▶ Your goal
List, from the lines below, each one with "dimension" in it.

════════

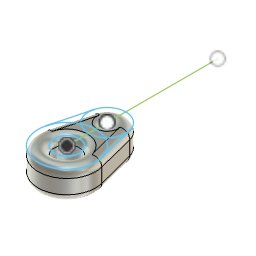
mmono (Autodesk Fusion 360 design; units mm, degrees)
Autodesk Fusion 360 part; units mm, degrees
sketch "Sketch1" plane through (0, 0, 0) normal (0, 0, 1) x (1, 0, 0)
  line L0 (0, -0.0218) -> (0, 150)
  circle A0 centre (0, -0.0218) radius 12.5
  circle A1 centre (0, -0.0218) radius 28.5
  circle A2 centre (0.0333, 39.9782) radius 2.5
  circle A3 centre (0.0333, 39.9782) radius 18.5
  line L1 (17.9497, 44.5882) -> (27.6009, 7.0802)
  line L2 (-17.8754, 44.6181) -> (-27.5891, 7.1262)
  dimension "d38" = 16
  dimension "d39" = 25
  dimension "d40" = 5
  dimension "d42" = 40
  dimension "d43" = 16
  constraint coincident L0.start A0.centre
  constraint coincident A3 L1.start
  constraint tangent A3 L1
  constraint coincident A1 L1.end
  constraint tangent A1 L1
  constraint coincident A3 L2.start
  constraint tangent A3 L2
  constraint coincident A1 L2.end
  constraint tangent A1 L2
  measures "d39" diameter of A0
  measures "d40" diameter of A2
  measures "d42" distance of L0.start A2.centre
extrude "Extrude6" add sketch "Sketch1" against normal blind 30 contours L0 A1 A3 | A1 A3 | L0 A1 A3 | L0 A1 A2 A3 | L0 A1 A2 A3 | A1 A3 L2 | A1 A3 L1 | A0
extrude "Extrude7" cut sketch "Sketch1" against normal blind 22.3431 contours A0
fillet "Fillet2" radius 8 1 edges at (-11.6541, 4.4984, 0)
fillet "Fillet2" radius 8 2 edges at (-2.2975, 40.8822, 0) (-2.2975, 39.0741, -30)
fillet "Fillet2" radius 8 8 edges at (-0.0237, -28.5218, 0) (22.7753, 25.8342, 0) (0.0487, 58.4782, 0) (-22.7322, 25.8721, 0) (-22.7322, 25.8721, -30) (0.0487, 58.4782, -30) (22.7753, 25.8342, -30) (-0.0237, -28.5218, -30)
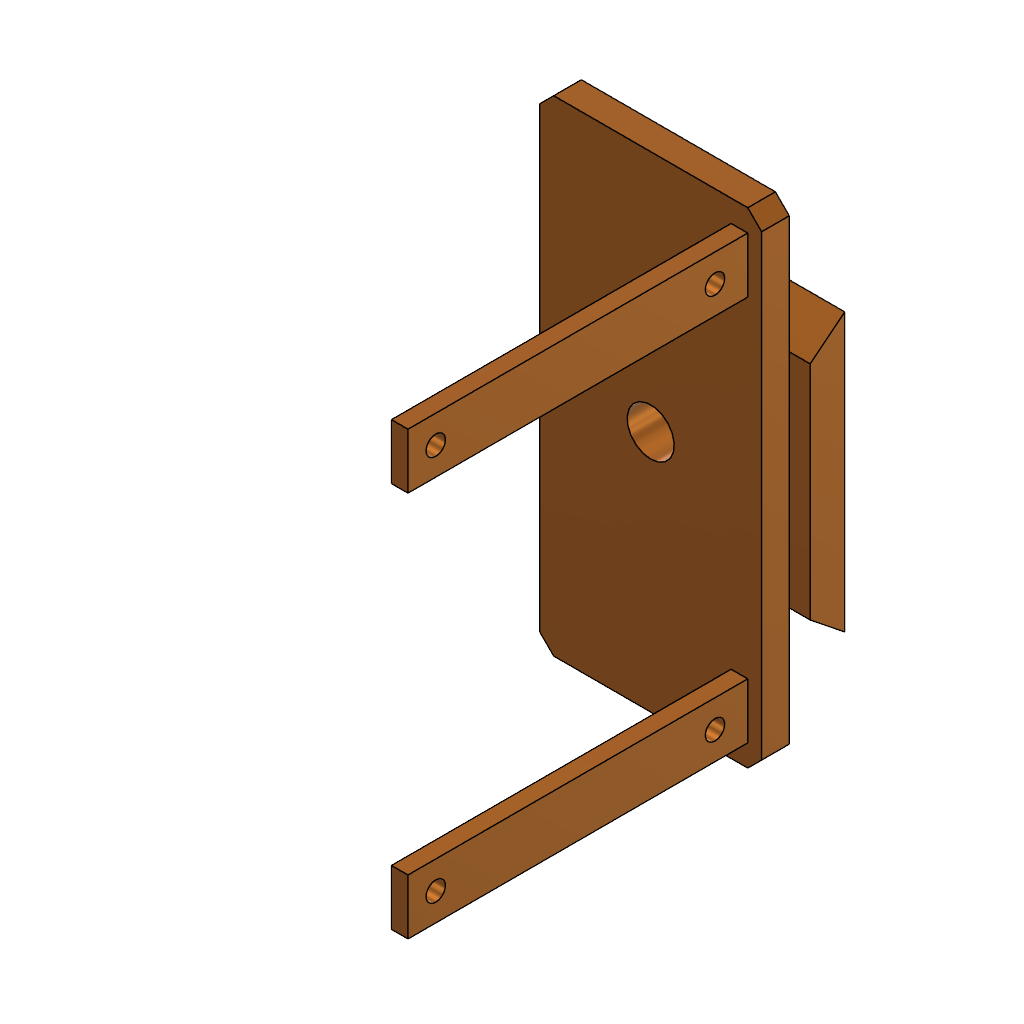
camera_plate_four_screw (Autodesk Fusion 360 design; units mm, degrees)
part number: 2026-10-03-13-24-09-908
Autodesk Fusion 360 part; units mm, degrees
ref_plane "工作平面1" through (0, 0, 12.3) normal (0, 0, 1) x (1, 0, 0)
sketch "草图1" plane through (0, 0, 12.3) normal (0, 0, 1) x (1, 0, 0)
  line L0 (-33, -16) -> (33, -16)
  line L1 (33, -16) -> (35, -14)
  line L2 (35, -14) -> (35, 14)
  line L3 (35, 14) -> (33, 16)
  line L4 (33, 16) -> (-33, 16)
  line L5 (-33, 16) -> (-35, 14)
  line L6 (-35, 14) -> (-35, -14)
  line L7 (-35, -14) -> (-33, -16)
extrude "70 x 32 camera support plate" add sketch "草图1" along normal blind 4
ref_plane "工作平面2" through (0, 0, 7.3) normal (0, 0, 1) x (1, 0, 0)
sketch "草图2" plane through (0, 0, 7.3) normal (0, 0, 1) x (1, 0, 0)
  line L0 (-20, -19) -> (20, -19)
  line L1 (20, -19) -> (20, 19)
  line L2 (20, 19) -> (-20, 19)
  line L3 (-20, 19) -> (-20, -19)
ref_plane "工作平面3" through (0, 0, 12.3) normal (0, 0, 1) x (1, 0, 0)
sketch "草图3" plane through (0, 0, 12.3) normal (0, 0, 1) x (1, 0, 0)
  line L0 (-16, -19) -> (16, -19)
  line L1 (16, -19) -> (16, 19)
  line L2 (16, 19) -> (-16, 19)
  line L3 (-16, 19) -> (-16, -19)
loft "40 to 32 mm male dovetail" add profiles "草图2", "草图3" section 1 section 2
ref_plane "工作平面4" through (0, 0, 7.3) normal (0, 0, 1) x (1, 0, 0)
sketch "草图4" plane through (0, 0, 7.3) normal (0, 0, 1) x (1, 0, 0)
  circle A0 centre (0, 0) radius 3.4
extrude "1/4 inch metal screw clearance 6.8 mm" cut sketch "草图4" along normal blind 9
ref_plane "工作平面5" through (0, 0, 7.3) normal (0, 0, 1) x (1, 0, 0)
sketch "草图5" plane through (0, 0, 7.3) normal (0, 0, 1) x (1, 0, 0)
  circle A0 centre (0, 0) radius 7
extrude "14 x 3.5 mm screw head recess" cut sketch "草图5" along normal blind 3.5
ref_plane "工作平面6" through (0, 0, 16.3) normal (0, 0, 1) x (1, 0, 0)
sketch "草图6" plane through (0, 0, 16.3) normal (0, 0, 1) x (1, 0, 0)
  line L0 (-31.8391, -14.0004) -> (-23.8391, -14.0004)
  line L1 (-23.8391, -14.0004) -> (-23.8391, -11.6004)
  line L2 (-23.8391, -11.6004) -> (-31.8391, -11.6004)
  line L3 (-31.8391, -11.6004) -> (-31.8391, -14.0004)
extrude "Front four screw support column" add sketch "草图6" along normal blind 49
ref_plane "工作平面7" through (0, 0, 16.3) normal (0, 0, 1) x (1, 0, 0)
sketch "草图7" plane through (0, 0, 16.3) normal (0, 0, 1) x (1, 0, 0)
  line L0 (23.8391, -14.0004) -> (31.8391, -14.0004)
  line L1 (31.8391, -14.0004) -> (31.8391, -11.6004)
  line L2 (31.8391, -11.6004) -> (23.839, -11.6004)
  line L3 (23.8391, -11.6004) -> (23.8391, -14.0004)
extrude "Front four screw support column (1)" add sketch "草图7" along normal blind 49
ref_plane "工作平面8" through (0, 14.0004, 0) normal (0, 1, 0) x (0, 0, 1)
sketch "草图8" plane through (0, 14.0004, 0) normal (0, 1, 0) x (1, 0, 0)
  circle A0 through (-26.4391, -21.023, -28.0009) (-28.5391, -19.8105, -28.0009) (-28.5391, -22.2354, -28.0009)
  circle A1 through (-26.4391, -61.297, -28.0009) (-28.5391, -60.0846, -28.0009) (-28.5391, -62.5095, -28.0009)
  circle A2 through (29.2391, -21.023, -28.0009) (27.1391, -19.8105, -28.0009) (27.139, -22.2354, -28.0009)
  circle A3 through (29.2391, -61.297, -28.0009) (27.1391, -60.0846, -28.0009) (27.139, -62.5095, -28.0009)
extrude "Four 2.8 mm auxiliary screw clearances" cut sketch "草图8" along normal blind 2.4 contours A0 | A1 | A2 | A3 in plane through (0, -14.0005, 0) normal (0, 1, 0)
move_body "Align camera long edge with gimbal arm - 90 degrees" bodies 1 to x (0, 1, 0) y (-1, 0, 0) z (0, 0, 1) at (0, 0, 0)
named bodies: "Camera_plate_1_4_four_screw_v2"
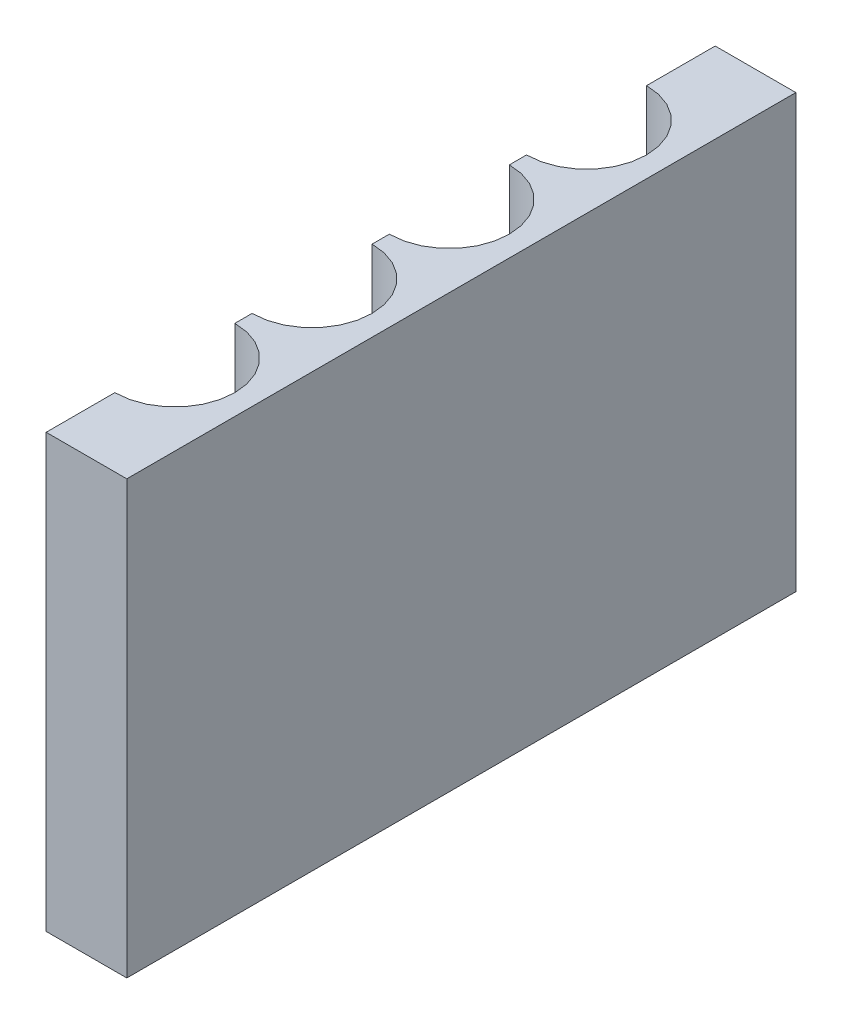
# Autodesk Inventor part: BatteryHolder
Saved by Autodesk Inventor 2023 (Build 270158000, 158)
## iProperties
Created: 2022-08-06
Part Number: BatteryHolder
Material: Generic
Document SubType Name: Modeling
Designer: Aditya Bansal
Density: 1 g/cm^3
Appearance: Default
Author: Aditya Bansal
Autodesk Inventor part; units mm, degrees
ref_plane "YZ Plane" through (0, 0, 0) normal (1, 0, 0) x (0, 1, 0)
ref_plane "XZ Plane" through (0, 0, 0) normal (0, 1, 0) x (-1, 0, 0)
ref_plane "XY Plane" through (0, 0, 0) normal (0, 0, 1) x (1, 0, 0)
sketch "Sketch1" plane through (0, 0, 0) normal (0, 1, 0) x (-1, 0, 0)
  line L0 (0, 0) -> (11.75, 0)
  line L1 (11.75, 0) -> (11.75, -97.5)
  line L2 (11.75, -97.5) -> (0, -97.5)
  line L3 (0, -97.5) -> (0, 0)
  circle A0 centre (11.75, -18.75) radius 8.75
  circle A1 centre (11.75, -38.75) radius 8.75
  circle A2 centre (11.75, -58.75) radius 8.75
  circle A3 centre (11.75, -78.75) radius 8.75
  point P0 (11.75, -87.5)
  point P1 (11.75, -70)
  point P2 (11.75, -67.5)
  point P3 (11.75, -50)
  point P4 (11.75, -47.5)
  point P5 (11.75, -30)
  point P6 (11.75, -27.5)
  point P7 (11.75, -10)
  dimension "d0" = 17.5
  dimension "d4" = 20
  dimension "d9" = 3
  dimension "d11" = 10
  dimension "d12" = 10
  constraints: 8 end point, 4 centre point, 2 parallel, 1 horizontal, 1 perpendicular, 1 point on line, 1 vertical, 6 other
  measures "d0" diameter of A0
  measures "d4" distance of A0.centre A1.centre
  measures "d9" distance edge to line of A3 L3
  measures "d11" distance edge to line of A3 L2
  measures "d12" distance edge to line of A0 L0
extrude "Extrusion1" add sketch "Sketch1" along normal blind 63 contours L0 L1 A0 A1 A2 A3 L2 L3
equation "\"d12\" = d11"
body "Solid1"

════════

▶ Output for this exercise
  dimension "d38" = 16
  dimension "d39" = 25
  dimension "d40" = 5
  dimension "d42" = 40
  dimension "d43" = 16
  dimension "d0" = 17.5
  dimension "d4" = 20
  dimension "d9" = 3
  dimension "d11" = 10
  dimension "d12" = 10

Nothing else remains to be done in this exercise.